И адъютант поскакал лесом за Грековым. Когда Греков вернулся, граф Орлов Денисов, взволнованный и этой отмененной попыткой, и тщетным ожиданием пехотных колонн, которые все не показывались, и близостью неприятеля (все люди его отряда испытывали то же), решил наступать.
Шепотом прокомандовал он: «Садись!» Распределились, перекрестились…
– С богом!
«Урааааа!» – зашумело по лесу, и, одна сотня за другой, как из мешка высыпаясь, полетели весело казаки с своими дротиками наперевес, через ручей к лагерю.

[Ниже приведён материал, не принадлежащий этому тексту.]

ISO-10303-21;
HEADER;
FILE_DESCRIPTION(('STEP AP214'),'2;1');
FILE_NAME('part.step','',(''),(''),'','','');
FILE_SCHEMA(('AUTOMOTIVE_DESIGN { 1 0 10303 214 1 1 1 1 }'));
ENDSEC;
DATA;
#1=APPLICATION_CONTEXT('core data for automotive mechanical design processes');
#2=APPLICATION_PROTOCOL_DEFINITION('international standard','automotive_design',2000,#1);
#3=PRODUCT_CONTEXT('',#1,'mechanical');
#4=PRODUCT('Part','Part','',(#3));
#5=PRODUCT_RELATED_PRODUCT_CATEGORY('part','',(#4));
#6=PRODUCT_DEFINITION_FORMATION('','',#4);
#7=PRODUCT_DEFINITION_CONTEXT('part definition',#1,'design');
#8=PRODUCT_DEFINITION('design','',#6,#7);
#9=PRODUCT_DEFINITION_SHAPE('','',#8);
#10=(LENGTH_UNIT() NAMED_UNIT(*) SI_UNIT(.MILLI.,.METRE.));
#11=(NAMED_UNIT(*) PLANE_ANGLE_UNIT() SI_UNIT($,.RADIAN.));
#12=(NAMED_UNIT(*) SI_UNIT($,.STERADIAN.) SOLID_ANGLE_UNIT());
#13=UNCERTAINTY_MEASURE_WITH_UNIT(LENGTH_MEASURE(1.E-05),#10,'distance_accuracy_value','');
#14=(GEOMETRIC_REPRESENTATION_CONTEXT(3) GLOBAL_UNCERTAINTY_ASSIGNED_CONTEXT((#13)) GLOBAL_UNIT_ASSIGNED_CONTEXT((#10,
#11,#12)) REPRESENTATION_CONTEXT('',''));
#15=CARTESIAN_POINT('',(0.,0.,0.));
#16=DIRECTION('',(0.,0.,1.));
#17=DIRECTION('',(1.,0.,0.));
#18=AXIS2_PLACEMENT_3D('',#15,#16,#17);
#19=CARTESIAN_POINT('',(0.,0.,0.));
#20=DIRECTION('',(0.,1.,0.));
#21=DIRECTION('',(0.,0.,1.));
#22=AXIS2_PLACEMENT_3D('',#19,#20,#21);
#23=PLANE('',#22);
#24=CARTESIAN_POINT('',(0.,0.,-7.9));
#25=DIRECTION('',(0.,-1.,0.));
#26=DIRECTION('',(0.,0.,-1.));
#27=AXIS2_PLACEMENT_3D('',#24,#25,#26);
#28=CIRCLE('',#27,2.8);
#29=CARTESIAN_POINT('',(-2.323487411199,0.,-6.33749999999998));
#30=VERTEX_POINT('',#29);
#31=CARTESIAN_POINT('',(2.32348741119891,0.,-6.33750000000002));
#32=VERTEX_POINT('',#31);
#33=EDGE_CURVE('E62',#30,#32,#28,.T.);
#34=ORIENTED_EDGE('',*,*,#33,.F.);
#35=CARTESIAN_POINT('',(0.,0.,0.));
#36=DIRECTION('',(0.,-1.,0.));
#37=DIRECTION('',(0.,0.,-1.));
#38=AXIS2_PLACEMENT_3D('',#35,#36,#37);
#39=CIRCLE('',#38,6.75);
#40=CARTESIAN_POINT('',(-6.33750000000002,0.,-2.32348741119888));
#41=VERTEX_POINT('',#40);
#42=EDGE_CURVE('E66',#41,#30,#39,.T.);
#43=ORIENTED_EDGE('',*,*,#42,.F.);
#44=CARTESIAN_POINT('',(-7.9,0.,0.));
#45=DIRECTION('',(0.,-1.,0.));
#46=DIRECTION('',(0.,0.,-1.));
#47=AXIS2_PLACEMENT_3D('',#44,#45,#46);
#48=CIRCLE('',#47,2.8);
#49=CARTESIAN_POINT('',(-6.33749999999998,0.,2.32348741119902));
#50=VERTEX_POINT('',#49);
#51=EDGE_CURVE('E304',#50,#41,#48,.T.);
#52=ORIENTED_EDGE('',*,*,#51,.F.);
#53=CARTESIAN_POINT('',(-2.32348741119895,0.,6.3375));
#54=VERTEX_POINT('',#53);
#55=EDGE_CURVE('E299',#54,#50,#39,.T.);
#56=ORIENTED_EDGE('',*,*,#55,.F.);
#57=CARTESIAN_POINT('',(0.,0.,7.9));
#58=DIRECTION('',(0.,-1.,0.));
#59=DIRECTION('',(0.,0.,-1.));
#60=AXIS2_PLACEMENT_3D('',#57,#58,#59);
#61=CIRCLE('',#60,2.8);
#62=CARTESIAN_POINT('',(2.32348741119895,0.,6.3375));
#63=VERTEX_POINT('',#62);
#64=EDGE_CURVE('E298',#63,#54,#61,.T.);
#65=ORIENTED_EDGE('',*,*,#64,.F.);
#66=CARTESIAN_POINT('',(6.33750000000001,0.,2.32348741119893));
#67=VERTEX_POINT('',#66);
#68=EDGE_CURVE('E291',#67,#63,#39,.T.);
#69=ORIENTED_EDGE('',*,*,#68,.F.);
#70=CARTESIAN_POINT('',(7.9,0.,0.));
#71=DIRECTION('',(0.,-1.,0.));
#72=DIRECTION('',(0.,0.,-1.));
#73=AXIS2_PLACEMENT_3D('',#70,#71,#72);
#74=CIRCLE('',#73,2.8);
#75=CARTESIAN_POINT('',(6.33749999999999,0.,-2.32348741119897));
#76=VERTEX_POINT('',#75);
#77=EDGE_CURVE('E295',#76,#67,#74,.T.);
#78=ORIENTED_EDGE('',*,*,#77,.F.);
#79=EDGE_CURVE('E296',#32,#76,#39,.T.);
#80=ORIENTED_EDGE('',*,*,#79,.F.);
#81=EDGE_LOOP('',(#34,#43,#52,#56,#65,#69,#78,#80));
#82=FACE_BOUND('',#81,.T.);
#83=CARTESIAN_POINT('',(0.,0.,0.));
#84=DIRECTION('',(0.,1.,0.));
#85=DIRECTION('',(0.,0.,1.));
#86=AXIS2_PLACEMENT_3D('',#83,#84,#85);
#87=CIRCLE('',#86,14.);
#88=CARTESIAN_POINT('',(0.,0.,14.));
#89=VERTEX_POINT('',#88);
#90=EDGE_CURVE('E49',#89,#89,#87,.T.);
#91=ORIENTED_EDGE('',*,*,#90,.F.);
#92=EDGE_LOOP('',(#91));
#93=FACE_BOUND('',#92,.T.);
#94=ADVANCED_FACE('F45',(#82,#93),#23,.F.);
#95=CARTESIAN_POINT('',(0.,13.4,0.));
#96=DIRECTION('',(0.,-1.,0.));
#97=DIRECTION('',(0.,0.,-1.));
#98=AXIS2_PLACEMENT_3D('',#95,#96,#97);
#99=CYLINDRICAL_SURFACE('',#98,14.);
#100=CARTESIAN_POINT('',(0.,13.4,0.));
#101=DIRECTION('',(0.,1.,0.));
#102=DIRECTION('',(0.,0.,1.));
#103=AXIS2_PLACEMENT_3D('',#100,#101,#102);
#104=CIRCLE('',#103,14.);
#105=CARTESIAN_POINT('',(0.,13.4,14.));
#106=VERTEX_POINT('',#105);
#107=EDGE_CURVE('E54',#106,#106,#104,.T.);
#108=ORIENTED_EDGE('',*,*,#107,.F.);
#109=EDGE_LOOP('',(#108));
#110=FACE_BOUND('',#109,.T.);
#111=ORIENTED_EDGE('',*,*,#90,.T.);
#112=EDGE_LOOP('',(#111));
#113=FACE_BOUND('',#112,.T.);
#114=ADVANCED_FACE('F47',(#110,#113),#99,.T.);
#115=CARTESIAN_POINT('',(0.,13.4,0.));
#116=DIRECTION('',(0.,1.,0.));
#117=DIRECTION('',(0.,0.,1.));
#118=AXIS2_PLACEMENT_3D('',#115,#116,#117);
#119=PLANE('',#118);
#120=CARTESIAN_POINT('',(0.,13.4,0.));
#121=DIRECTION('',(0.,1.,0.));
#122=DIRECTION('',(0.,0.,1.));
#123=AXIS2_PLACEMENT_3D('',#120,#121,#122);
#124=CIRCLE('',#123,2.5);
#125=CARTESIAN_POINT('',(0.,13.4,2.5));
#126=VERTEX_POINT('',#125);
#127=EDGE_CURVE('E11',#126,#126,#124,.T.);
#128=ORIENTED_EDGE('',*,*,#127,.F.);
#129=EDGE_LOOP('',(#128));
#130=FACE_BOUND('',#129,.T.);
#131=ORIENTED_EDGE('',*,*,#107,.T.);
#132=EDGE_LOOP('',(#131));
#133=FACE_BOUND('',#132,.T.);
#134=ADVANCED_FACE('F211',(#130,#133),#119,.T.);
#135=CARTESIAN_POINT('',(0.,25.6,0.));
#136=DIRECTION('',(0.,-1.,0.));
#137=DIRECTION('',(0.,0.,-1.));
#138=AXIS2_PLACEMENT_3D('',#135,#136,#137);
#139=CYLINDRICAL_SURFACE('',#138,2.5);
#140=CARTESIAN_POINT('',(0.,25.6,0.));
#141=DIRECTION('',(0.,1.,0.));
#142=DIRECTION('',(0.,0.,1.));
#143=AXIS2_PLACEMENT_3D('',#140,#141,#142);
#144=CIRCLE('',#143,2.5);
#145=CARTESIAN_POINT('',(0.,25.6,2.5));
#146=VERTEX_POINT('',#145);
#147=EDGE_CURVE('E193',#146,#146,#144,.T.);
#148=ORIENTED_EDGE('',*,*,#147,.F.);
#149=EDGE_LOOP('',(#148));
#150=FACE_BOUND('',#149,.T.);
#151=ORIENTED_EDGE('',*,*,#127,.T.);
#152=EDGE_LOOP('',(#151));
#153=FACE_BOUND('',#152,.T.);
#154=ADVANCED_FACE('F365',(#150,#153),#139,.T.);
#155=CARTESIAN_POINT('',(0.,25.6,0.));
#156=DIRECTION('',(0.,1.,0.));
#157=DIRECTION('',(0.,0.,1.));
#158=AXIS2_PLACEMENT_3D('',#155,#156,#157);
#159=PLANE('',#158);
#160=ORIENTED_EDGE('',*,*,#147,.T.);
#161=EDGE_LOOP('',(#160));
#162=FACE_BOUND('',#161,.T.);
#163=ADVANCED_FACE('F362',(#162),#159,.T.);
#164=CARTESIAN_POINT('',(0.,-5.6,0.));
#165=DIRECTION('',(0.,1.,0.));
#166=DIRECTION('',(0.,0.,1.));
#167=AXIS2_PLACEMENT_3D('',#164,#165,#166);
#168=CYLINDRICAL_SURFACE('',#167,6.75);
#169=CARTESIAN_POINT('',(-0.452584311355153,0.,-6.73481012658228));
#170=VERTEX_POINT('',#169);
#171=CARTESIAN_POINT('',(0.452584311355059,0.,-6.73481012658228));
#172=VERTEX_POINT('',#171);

Один отчаянный, испуганный крик первого увидавшего казаков француза – и все, что было в лагере, неодетое, спросонков бросило пушки, ружья, лошадей и побежало куда попало.
Ежели бы казаки преследовали французов, не обращая внимания на то, что было позади и вокруг них, они взяли бы и Мюрата, и все, что тут было. Начальники и хотели этого. Но нельзя было сдвинуть с места казаков, когда они добрались до добычи и пленных. Команды никто не слушал. Взято было тут же тысяча пятьсот человек пленных, тридцать восемь орудий, знамена и, что важнее всего для казаков, лошади, седла, одеяла и различные предметы. Со всем этим надо было обойтись, прибрать к рукам пленных, пушки, поделить добычу, покричать, даже подраться между собой: всем этим занялись казаки.